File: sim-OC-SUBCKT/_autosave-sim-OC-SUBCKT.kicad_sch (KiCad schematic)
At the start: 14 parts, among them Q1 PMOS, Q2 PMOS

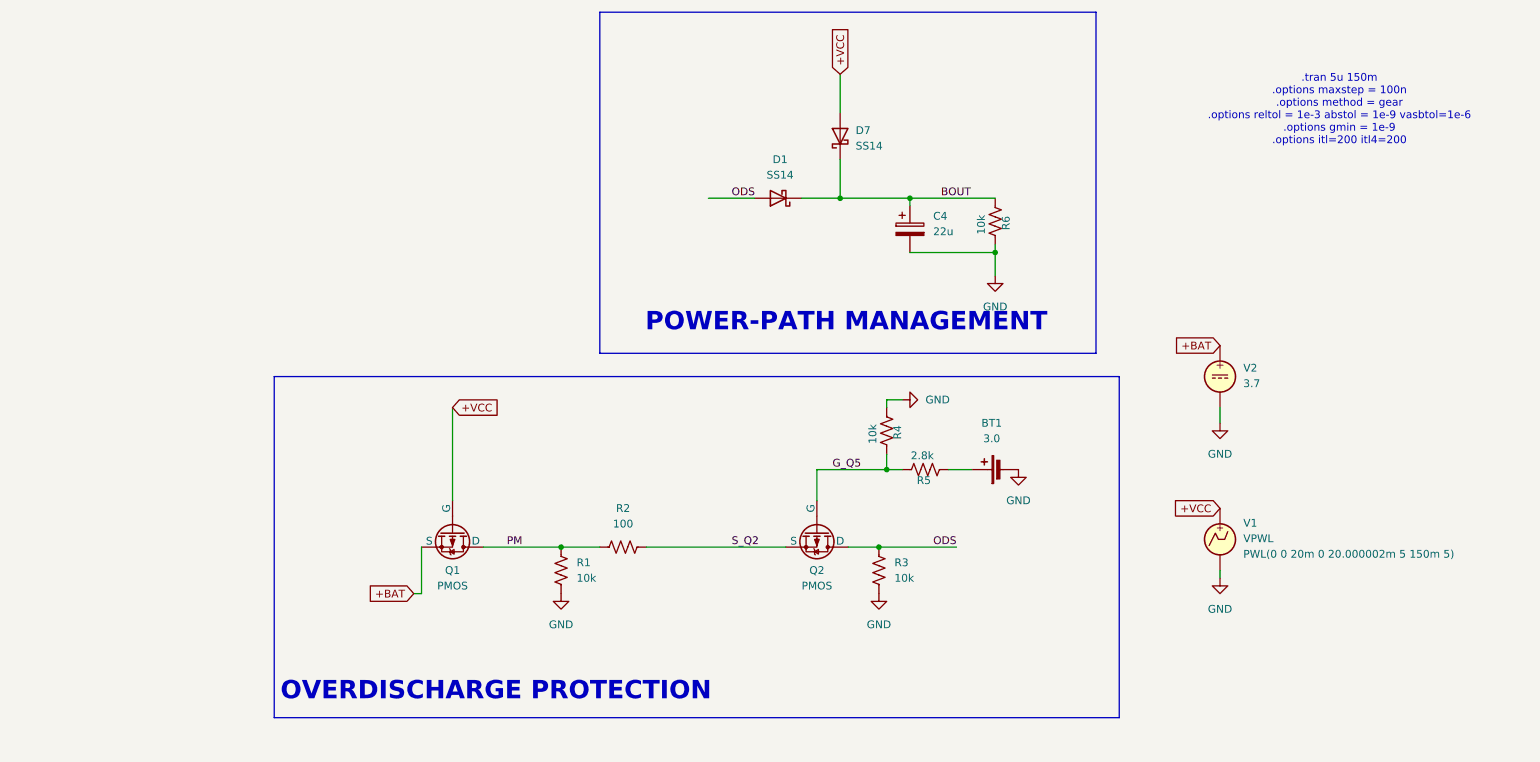
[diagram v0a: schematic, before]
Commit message: simulations fixed with solid model files, results documented
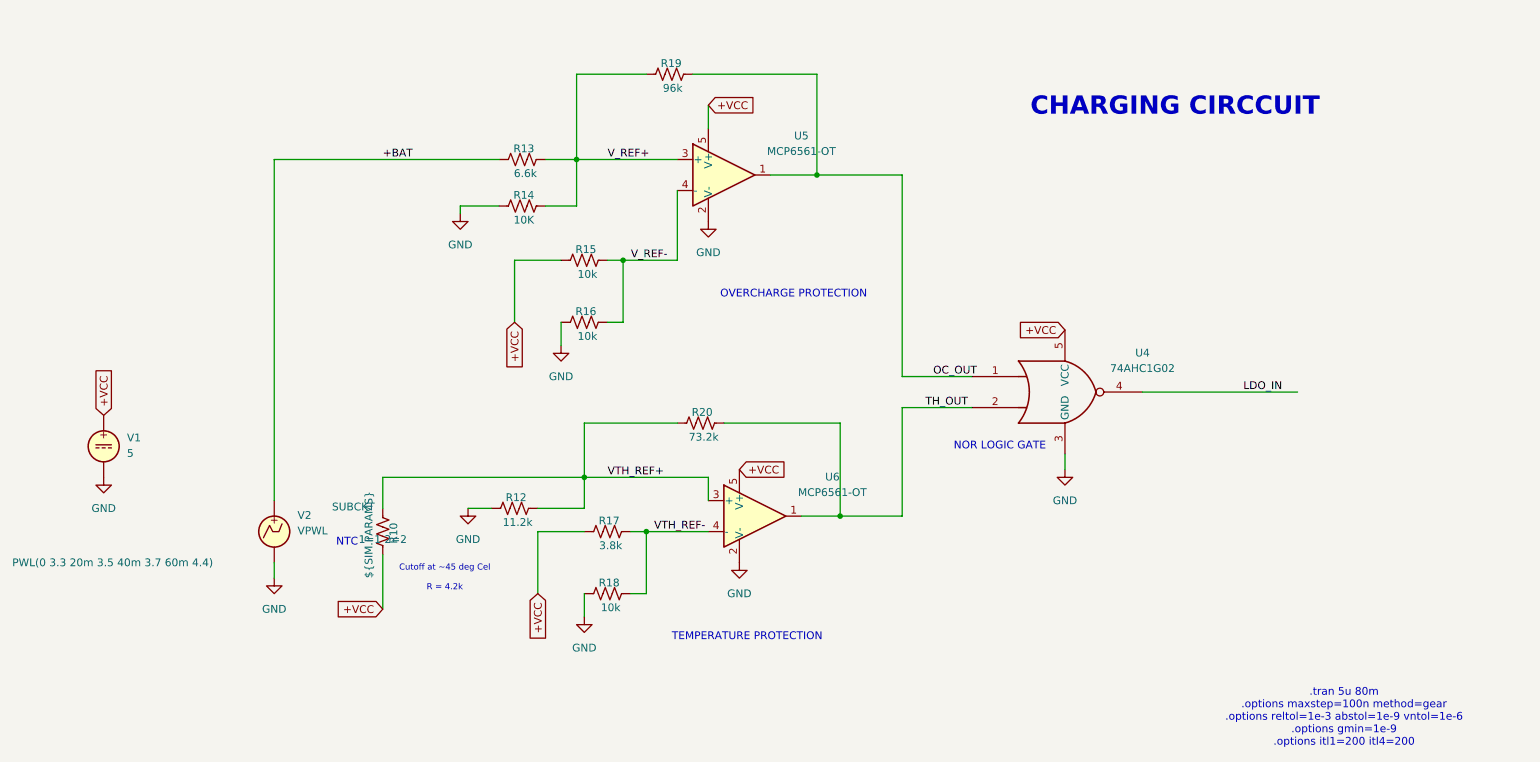
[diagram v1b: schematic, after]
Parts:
- removed BT1: 3.0, symbol Device:Battery_Cell
- removed C4: 22u, symbol Device:C_Polarized
- removed D1, D7: SS14, Diode_SMD:D_SMA, symbol Diode:SS14
- removed Q1, Q2: PMOS, symbol Simulation_SPICE:PMOS
- removed R1, R3, R4, R6: 10k, symbol Device:R_US
- removed R2: 100, symbol Device:R_US
- removed R5: 2.8k, symbol Device:R_US
- removed V1: VPWL, symbol Simulation_SPICE:VPWL
- removed V2: 3.7, symbol Simulation_SPICE:VDC
- added R10: ${SIM.PARAMS}, symbol Device:R_US
- added R12: 11.2k, symbol Device:R_US
- added R13: 6.6k, symbol Device:R_US
- added R14: 10K, symbol Device:R_US
- added R15, R16, R18: 10k, symbol Device:R_US
- added R17: 3.8k, symbol Device:R_US
- added R19: 96k, symbol Device:R_US
- added R20: 73.2k, symbol Device:R_US
- added U4: 74AHC1G02, symbol 74xGxx:74AHC1G02
- added U5, U6: MCP6561-OT, Package_TO_SOT_SMD:SOT-23-5, symbol Comparator:MCP6561-OT
- added V1: 5, symbol Simulation_SPICE:VDC
- added V2: VPWL, symbol Simulation_SPICE:VPWL
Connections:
- net +BAT: now also R13.1, V2.1
- net +VCC: now also R10.2, R15.1, R17.1, U4.5 (VCC), U5.5 (V+), U6.5 (V+), V1.1
- net GND: now also R12.1, R14.1, R16.1, R18.1, U4.3 (GND), U5.2 (V-), U6.2 (V-), V1.2, V2.2
- new net LDO_IN: U4.4
- new net OC_OUT: R19.2, U4.1, U5.1
- new net TH_OUT: R20.2, U4.2, U6.1
- new net VTH_REF+: R10.1, R12.2, R20.1, U6.3 (+)
- new net VTH_REF-: R17.2, R18.2, U6.4 (-)
- new net V_REF+: R13.2, R14.2, R19.1, U5.3 (+)
- new net V_REF-: R15.2, R16.2, U5.4 (-)
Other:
- note added: ".tran 5u 80m .options maxstep=100n method=gear .options reltol=1e-3 abstol=1e-9 vntol=1e-6 .options gmin=1e-9 .options itl1=200 itl4=200"
- note added: "CHARGING CIRCCUIT"
- note added: "Cutoff at ~45 deg Cel R = 4.2k"
- note added: "NOR LOGIC GATE"
- note added: "NTC"
- note added: "OVERCHARGE PROTECTION"
- note added: "TEMPERATURE PROTECTION"
- note removed: ".tran 5u 150m .options maxstep = 100n .options method = gear .options reltol = 1e-3 abstol = 1e-9 vasbtol=1e-6 .options gmin = 1e-9 .options itl=200 itl4=200"
- note removed: "OVERDISCHARGE PROTECTION"
- note removed: "POWER-PATH MANAGEMENT"
──────────────────────────────
WORK REQUIRED =>
What is wanted is an exact repetition of the lines from the one with "- new net V_REF+: R13.2, R14.2, R19.1, U5.3" through the last line of the material above, both ends included.

ANSWER FOR THE TASK =>
- new net V_REF+: R13.2, R14.2, R19.1, U5.3 (+)
- new net V_REF-: R15.2, R16.2, U5.4 (-)
Other:
- note added: ".tran 5u 80m .options maxstep=100n method=gear .options reltol=1e-3 abstol=1e-9 vntol=1e-6 .options gmin=1e-9 .options itl1=200 itl4=200"
- note added: "CHARGING CIRCCUIT"
- note added: "Cutoff at ~45 deg Cel R = 4.2k"
- note added: "NOR LOGIC GATE"
- note added: "NTC"
- note added: "OVERCHARGE PROTECTION"
- note added: "TEMPERATURE PROTECTION"
- note removed: ".tran 5u 150m .options maxstep = 100n .options method = gear .options reltol = 1e-3 abstol = 1e-9 vasbtol=1e-6 .options gmin = 1e-9 .options itl=200 itl4=200"
- note removed: "OVERDISCHARGE PROTECTION"
- note removed: "POWER-PATH MANAGEMENT"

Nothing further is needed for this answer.